For the word "blocks", determine how many lines of the entries below contain it, and give only that number.

^^^^

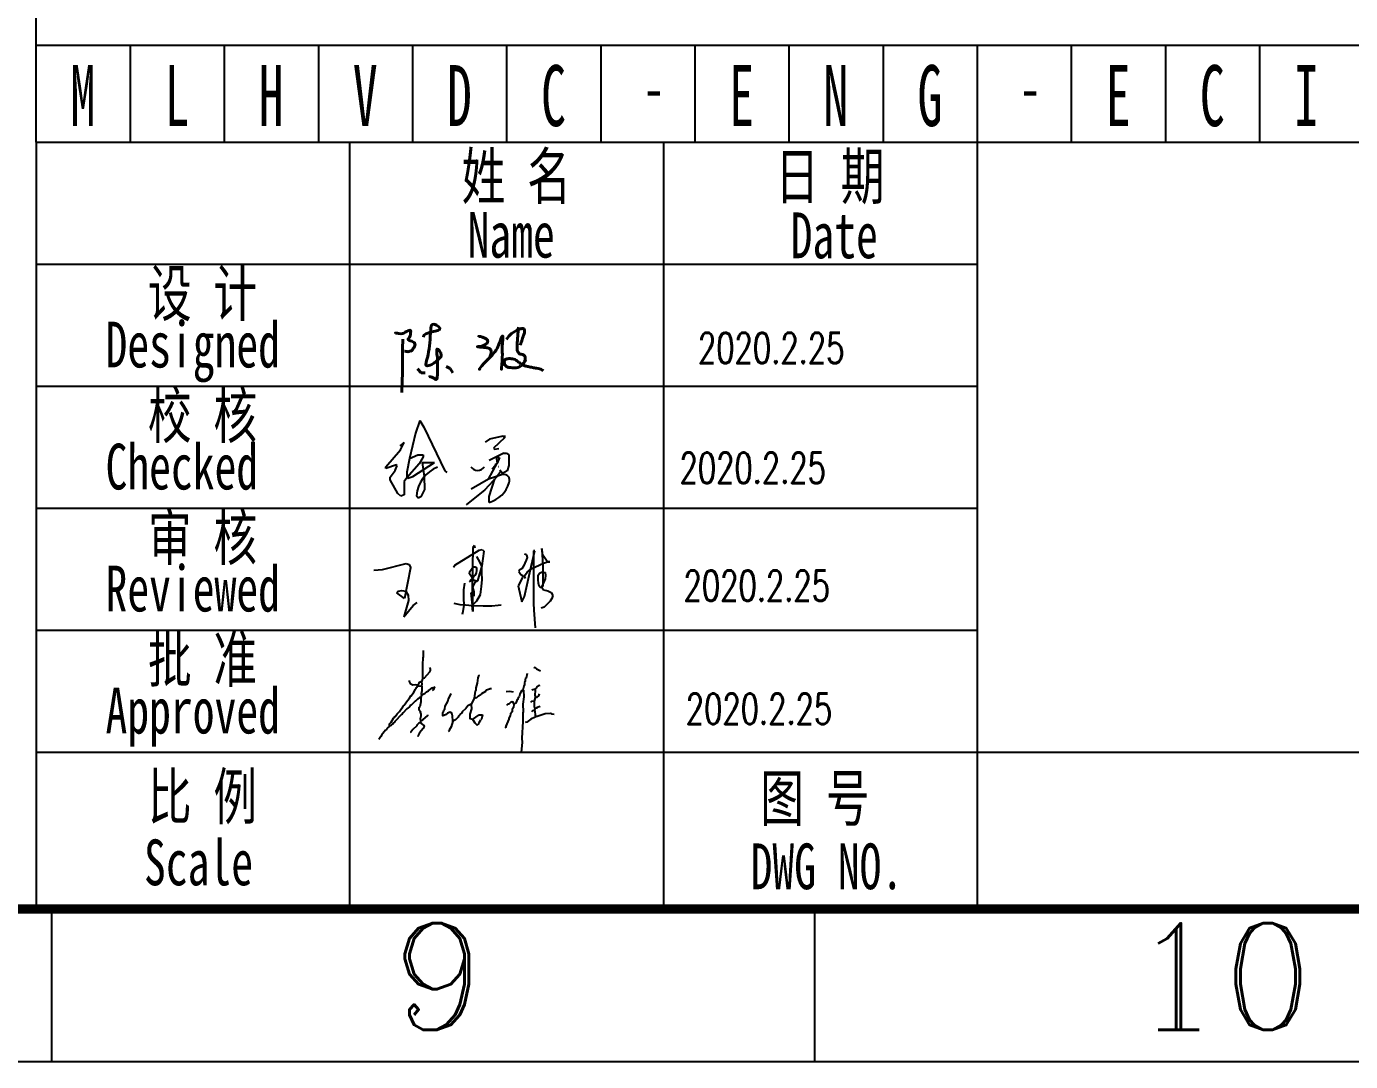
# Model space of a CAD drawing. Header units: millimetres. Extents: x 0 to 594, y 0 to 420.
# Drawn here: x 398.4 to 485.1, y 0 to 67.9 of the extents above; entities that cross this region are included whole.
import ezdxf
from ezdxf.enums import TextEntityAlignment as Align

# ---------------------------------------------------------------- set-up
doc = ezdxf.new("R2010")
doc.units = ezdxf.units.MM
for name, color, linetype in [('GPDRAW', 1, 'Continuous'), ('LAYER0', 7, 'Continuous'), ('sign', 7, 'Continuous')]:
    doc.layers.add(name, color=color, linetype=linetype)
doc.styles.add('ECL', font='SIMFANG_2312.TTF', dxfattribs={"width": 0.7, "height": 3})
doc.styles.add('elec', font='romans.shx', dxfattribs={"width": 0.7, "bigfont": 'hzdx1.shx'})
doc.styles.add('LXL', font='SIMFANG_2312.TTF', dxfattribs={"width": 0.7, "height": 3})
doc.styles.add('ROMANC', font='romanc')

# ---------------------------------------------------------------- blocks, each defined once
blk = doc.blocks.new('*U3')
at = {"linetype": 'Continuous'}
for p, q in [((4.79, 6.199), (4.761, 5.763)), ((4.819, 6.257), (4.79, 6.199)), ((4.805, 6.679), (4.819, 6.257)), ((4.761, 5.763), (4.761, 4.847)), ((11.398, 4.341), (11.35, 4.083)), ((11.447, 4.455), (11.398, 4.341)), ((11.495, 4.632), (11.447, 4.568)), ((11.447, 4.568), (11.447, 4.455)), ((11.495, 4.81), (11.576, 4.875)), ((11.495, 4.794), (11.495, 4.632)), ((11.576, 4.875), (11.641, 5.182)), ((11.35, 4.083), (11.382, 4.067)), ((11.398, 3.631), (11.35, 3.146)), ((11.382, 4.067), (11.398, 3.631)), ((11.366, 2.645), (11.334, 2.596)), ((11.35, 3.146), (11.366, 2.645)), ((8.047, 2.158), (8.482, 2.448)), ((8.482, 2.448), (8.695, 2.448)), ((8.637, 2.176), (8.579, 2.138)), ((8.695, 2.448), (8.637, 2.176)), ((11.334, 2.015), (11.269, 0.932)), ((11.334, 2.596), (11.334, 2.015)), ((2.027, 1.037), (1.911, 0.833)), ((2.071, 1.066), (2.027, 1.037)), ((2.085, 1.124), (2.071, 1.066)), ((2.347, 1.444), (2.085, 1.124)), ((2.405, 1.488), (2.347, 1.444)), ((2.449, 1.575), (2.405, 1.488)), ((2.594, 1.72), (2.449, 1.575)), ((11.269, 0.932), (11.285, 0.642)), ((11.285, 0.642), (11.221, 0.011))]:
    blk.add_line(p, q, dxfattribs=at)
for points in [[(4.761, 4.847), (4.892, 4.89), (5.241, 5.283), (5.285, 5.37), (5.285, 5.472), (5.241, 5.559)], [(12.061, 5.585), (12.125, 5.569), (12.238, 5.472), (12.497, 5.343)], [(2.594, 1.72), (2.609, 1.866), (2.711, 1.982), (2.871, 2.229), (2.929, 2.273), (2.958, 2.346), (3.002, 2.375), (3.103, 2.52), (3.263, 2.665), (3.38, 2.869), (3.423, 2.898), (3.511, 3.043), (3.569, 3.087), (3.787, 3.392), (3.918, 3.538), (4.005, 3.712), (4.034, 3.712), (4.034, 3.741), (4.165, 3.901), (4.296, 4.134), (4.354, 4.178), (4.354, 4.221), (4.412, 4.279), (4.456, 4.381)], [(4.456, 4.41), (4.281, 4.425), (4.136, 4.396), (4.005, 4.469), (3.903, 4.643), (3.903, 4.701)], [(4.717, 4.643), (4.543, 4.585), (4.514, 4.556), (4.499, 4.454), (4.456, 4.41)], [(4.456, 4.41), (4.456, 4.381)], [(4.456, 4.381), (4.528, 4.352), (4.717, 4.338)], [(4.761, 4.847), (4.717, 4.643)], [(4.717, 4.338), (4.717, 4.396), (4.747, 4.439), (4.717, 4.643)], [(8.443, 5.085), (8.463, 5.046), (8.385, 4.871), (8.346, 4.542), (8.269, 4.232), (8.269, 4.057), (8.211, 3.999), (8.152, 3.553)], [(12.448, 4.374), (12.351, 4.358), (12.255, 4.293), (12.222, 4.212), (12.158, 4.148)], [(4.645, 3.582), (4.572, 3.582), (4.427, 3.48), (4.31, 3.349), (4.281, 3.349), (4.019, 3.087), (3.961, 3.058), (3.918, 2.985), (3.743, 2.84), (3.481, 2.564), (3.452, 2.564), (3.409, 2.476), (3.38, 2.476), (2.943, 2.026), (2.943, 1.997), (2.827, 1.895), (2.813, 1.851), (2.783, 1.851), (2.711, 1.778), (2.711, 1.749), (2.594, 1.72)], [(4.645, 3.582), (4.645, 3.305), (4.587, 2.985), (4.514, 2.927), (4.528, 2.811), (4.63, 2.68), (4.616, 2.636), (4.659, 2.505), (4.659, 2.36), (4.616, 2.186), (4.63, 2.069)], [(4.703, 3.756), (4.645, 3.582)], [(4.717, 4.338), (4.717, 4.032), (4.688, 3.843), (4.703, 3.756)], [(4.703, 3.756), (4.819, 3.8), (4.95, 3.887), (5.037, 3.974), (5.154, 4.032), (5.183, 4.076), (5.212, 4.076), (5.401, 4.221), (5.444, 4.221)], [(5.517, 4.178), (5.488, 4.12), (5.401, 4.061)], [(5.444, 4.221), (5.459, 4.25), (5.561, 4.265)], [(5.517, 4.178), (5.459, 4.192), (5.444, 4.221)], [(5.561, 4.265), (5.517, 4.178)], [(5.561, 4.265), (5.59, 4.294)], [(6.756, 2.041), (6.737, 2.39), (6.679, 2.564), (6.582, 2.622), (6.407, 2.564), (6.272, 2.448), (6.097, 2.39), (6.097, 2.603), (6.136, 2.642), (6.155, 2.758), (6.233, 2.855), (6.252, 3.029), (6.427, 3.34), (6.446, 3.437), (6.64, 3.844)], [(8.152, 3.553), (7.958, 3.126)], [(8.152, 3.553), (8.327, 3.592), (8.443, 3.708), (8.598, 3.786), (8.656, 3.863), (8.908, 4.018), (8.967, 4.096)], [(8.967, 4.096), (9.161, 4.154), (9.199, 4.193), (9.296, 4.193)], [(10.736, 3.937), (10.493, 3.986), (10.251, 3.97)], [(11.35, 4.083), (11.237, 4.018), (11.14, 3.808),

^^^^

→ Exercise result: 2